* **PROBLEM DESCRIPTION**
Print nothing except the lines of the listing below from the line with "line L1 (0, 0) -> (16, 0)" to the line with "line L0 (8, 30) -> (8, -49970) construction", each exactly as written, both ends included.

* **INPUT DATA**
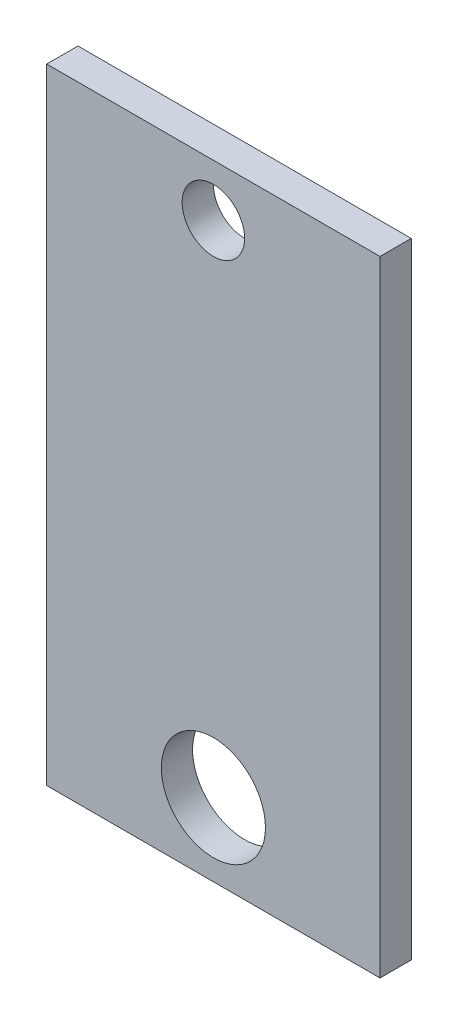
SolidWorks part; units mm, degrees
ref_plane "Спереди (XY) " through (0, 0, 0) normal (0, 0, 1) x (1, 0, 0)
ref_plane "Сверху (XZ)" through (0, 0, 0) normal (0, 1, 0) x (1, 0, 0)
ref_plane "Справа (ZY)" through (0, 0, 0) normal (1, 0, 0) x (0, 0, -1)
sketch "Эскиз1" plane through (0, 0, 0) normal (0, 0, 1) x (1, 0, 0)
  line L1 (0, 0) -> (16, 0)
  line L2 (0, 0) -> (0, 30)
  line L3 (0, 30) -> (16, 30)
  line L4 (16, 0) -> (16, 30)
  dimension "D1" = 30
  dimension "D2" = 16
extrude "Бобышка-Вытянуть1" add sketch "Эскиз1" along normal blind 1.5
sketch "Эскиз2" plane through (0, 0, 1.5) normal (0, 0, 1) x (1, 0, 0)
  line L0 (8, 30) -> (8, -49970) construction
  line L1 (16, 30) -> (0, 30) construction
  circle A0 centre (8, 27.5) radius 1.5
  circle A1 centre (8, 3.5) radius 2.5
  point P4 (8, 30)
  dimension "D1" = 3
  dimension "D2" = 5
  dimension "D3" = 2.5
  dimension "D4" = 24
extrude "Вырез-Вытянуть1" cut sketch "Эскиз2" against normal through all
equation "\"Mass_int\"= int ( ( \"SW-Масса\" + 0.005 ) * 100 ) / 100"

* **SOLUTION FOR THIS PROBLEM**
  line L1 (0, 0) -> (16, 0)
  line L2 (0, 0) -> (0, 30)
  line L3 (0, 30) -> (16, 30)
  line L4 (16, 0) -> (16, 30)
  dimension "D1" = 30
  dimension "D2" = 16
extrude "Бобышка-Вытянуть1" add sketch "Эскиз1" along normal blind 1.5
sketch "Эскиз2" plane through (0, 0, 1.5) normal (0, 0, 1) x (1, 0, 0)
  line L0 (8, 30) -> (8, -49970) construction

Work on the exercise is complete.